Dataset excerpts
* * * *
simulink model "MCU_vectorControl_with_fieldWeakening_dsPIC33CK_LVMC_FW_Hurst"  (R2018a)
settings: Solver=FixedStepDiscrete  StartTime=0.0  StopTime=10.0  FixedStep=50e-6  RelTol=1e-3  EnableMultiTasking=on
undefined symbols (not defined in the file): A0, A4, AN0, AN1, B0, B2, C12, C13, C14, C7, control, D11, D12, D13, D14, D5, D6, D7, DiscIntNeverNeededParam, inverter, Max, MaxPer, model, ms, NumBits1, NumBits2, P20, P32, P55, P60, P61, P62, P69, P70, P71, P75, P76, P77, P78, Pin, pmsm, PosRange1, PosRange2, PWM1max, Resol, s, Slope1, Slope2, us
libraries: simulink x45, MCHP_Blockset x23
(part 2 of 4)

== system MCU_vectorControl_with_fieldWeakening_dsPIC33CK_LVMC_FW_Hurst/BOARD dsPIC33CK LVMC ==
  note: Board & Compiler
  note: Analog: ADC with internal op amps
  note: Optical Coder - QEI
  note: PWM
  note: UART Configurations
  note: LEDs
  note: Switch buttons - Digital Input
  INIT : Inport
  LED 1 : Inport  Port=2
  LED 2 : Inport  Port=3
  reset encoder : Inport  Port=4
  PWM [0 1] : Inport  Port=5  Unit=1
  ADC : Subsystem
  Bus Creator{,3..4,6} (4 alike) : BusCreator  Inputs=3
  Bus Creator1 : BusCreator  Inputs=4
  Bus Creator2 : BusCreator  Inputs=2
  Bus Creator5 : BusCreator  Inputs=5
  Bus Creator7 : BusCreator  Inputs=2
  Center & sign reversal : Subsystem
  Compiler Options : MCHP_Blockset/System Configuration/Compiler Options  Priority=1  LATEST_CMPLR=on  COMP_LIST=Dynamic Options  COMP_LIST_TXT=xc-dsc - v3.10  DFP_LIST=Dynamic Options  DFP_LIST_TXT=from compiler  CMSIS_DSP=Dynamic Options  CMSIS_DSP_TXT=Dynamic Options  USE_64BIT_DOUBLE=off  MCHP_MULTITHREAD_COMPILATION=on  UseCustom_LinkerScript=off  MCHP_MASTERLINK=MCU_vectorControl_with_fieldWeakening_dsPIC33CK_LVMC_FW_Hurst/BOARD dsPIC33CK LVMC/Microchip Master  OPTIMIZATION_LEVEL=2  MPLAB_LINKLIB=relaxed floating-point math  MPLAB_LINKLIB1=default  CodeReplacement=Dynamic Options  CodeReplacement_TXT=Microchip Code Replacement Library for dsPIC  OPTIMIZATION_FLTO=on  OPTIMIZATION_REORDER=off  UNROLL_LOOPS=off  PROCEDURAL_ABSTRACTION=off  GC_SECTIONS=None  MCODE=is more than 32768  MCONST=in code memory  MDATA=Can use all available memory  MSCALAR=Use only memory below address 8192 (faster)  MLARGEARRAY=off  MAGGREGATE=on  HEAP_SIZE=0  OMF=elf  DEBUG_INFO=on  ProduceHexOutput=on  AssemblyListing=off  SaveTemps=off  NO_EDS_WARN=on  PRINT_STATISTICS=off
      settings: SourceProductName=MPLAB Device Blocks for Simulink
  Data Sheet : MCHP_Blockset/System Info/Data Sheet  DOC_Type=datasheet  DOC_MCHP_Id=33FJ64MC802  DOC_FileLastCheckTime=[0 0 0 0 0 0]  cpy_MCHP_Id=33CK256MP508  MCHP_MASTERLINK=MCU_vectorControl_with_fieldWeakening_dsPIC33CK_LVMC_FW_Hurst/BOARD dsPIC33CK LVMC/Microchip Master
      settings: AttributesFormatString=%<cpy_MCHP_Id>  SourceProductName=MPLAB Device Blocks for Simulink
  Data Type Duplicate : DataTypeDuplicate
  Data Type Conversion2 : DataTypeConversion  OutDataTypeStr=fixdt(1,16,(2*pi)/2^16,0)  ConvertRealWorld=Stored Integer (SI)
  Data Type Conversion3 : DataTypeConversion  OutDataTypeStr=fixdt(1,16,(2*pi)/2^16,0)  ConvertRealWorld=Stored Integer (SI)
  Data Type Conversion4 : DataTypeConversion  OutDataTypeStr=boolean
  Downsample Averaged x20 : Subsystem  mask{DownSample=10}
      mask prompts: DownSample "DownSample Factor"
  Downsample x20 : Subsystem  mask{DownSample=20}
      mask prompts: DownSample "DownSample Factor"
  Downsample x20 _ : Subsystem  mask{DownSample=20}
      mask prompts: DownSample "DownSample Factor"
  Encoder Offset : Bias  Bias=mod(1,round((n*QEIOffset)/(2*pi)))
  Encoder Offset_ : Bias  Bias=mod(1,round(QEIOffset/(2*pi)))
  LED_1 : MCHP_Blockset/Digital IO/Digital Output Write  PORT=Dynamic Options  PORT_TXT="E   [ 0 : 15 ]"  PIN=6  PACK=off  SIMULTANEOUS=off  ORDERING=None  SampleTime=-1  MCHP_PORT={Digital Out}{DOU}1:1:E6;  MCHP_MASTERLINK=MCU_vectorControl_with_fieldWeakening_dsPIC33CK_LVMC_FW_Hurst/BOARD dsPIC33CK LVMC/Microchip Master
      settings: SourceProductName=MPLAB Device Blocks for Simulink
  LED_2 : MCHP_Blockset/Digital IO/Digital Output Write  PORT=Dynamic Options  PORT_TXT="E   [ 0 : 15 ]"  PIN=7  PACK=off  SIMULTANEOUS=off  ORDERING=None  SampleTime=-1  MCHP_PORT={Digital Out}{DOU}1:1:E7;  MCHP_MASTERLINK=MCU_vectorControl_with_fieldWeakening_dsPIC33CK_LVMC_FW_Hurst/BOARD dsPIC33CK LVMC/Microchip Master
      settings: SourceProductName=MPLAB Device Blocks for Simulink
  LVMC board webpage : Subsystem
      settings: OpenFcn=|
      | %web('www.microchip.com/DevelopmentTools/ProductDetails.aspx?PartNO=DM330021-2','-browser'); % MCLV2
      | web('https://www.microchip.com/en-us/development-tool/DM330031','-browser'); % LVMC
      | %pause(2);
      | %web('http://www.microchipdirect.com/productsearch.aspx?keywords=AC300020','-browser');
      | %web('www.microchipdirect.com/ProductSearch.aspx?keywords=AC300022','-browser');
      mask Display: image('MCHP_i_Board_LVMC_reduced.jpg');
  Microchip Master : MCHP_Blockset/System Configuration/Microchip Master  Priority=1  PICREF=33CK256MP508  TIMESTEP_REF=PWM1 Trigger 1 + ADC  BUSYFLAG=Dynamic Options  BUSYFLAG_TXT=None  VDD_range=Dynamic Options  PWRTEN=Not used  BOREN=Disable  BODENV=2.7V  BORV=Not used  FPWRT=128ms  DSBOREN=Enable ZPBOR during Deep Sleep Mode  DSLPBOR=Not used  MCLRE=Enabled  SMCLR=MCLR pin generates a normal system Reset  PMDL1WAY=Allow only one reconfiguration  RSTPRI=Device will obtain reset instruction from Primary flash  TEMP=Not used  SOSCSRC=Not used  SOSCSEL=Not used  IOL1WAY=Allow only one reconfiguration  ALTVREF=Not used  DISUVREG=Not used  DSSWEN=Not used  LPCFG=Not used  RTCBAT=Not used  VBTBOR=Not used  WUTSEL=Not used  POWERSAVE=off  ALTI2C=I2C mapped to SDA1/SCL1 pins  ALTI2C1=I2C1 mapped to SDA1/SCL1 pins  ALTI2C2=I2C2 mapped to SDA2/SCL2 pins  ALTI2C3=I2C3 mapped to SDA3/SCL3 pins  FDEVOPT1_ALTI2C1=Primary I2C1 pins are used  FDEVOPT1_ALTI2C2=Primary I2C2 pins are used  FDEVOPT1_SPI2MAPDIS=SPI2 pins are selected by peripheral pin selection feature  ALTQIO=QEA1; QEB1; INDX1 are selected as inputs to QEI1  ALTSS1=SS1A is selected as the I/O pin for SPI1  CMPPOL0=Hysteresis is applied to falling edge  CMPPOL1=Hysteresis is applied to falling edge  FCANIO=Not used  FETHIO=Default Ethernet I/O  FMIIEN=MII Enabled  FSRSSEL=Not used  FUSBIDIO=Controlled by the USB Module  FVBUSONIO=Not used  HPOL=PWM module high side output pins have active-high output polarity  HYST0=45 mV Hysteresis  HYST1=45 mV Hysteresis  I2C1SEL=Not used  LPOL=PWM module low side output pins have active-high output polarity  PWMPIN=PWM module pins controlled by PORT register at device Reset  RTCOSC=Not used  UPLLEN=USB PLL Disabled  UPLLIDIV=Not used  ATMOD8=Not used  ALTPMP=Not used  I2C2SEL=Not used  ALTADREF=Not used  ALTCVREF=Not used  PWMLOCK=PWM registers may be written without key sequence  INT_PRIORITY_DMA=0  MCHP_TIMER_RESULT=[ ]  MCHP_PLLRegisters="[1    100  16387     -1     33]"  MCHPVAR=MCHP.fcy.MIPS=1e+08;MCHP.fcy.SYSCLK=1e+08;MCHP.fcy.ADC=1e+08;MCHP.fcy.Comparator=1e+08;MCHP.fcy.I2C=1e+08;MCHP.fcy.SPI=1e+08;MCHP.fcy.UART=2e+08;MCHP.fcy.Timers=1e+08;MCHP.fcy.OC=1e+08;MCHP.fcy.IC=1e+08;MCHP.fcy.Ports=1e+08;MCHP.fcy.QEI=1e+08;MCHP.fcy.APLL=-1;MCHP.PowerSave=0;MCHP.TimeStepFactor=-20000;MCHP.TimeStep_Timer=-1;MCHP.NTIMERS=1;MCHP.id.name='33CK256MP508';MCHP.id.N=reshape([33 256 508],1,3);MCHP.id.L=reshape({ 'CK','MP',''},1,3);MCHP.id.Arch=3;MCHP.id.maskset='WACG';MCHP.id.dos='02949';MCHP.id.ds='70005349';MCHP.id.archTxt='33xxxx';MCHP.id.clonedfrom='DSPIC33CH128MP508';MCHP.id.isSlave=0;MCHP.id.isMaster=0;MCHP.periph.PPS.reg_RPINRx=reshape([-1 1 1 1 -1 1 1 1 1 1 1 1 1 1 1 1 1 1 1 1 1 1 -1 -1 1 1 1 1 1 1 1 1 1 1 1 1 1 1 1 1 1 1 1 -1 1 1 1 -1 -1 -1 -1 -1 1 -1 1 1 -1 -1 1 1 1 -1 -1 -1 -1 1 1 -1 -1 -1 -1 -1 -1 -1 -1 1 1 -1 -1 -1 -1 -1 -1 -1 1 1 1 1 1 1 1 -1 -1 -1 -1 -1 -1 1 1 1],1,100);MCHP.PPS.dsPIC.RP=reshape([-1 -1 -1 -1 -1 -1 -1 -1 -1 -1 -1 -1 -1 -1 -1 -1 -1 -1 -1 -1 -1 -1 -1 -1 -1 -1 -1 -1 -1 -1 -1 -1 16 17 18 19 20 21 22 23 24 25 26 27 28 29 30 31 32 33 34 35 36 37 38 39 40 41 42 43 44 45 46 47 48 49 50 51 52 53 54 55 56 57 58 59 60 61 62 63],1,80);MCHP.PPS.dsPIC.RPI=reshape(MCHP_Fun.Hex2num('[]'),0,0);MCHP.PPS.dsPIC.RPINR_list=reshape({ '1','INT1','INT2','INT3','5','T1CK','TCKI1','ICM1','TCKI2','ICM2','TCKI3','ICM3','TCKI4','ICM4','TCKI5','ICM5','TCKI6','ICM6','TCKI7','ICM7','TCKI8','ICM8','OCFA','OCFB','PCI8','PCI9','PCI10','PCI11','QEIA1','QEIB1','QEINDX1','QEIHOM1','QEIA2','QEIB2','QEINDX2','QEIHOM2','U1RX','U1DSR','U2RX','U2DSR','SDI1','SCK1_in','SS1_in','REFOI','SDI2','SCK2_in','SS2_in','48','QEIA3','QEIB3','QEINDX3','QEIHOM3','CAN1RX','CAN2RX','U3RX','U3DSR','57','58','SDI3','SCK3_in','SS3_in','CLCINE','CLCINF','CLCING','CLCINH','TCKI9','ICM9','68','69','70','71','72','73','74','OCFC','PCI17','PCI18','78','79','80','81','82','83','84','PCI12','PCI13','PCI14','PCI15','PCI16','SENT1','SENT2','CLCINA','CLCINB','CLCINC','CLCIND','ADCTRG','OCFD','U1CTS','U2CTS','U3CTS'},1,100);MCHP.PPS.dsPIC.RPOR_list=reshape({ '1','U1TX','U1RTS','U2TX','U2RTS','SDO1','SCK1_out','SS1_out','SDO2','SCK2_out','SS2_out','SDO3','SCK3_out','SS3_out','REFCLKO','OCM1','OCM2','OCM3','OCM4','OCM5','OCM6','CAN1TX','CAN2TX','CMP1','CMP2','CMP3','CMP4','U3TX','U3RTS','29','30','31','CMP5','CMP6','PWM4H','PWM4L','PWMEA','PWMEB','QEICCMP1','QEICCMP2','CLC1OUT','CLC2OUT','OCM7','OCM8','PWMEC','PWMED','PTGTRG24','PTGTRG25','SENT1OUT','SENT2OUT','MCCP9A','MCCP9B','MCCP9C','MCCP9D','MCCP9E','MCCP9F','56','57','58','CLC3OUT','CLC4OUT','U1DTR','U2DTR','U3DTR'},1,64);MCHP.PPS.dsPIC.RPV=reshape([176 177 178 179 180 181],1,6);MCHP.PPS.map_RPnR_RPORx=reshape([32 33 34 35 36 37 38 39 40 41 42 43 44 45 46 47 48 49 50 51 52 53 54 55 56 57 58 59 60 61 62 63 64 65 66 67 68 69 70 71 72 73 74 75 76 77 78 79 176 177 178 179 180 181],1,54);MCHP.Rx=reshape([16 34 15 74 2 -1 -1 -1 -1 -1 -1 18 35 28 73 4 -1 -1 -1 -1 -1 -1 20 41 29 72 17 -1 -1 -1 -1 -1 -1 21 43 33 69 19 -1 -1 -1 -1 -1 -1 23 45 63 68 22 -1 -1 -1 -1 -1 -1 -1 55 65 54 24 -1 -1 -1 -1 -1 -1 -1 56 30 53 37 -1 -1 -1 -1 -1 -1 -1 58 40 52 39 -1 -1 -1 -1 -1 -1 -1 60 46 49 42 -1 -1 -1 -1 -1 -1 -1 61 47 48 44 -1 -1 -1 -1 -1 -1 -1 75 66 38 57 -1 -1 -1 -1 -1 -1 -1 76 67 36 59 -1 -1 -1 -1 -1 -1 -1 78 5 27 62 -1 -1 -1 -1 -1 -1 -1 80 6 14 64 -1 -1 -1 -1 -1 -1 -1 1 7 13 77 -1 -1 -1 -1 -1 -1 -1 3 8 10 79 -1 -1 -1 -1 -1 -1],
* * * *
▸ Task instructions
Lines with the word "browser" in them should be copied from the preceding records.

▸ Task solution
      | %web('www.microchip.com/DevelopmentTools/ProductDetails.aspx?PartNO=DM330021-2','-browser'); % MCLV2
      | web('https://www.microchip.com/en-us/development-tool/DM330031','-browser'); % LVMC
      | %web('http://www.microchipdirect.com/productsearch.aspx?keywords=AC300020','-browser');
      | %web('www.microchipdirect.com/ProductSearch.aspx?keywords=AC300022','-browser');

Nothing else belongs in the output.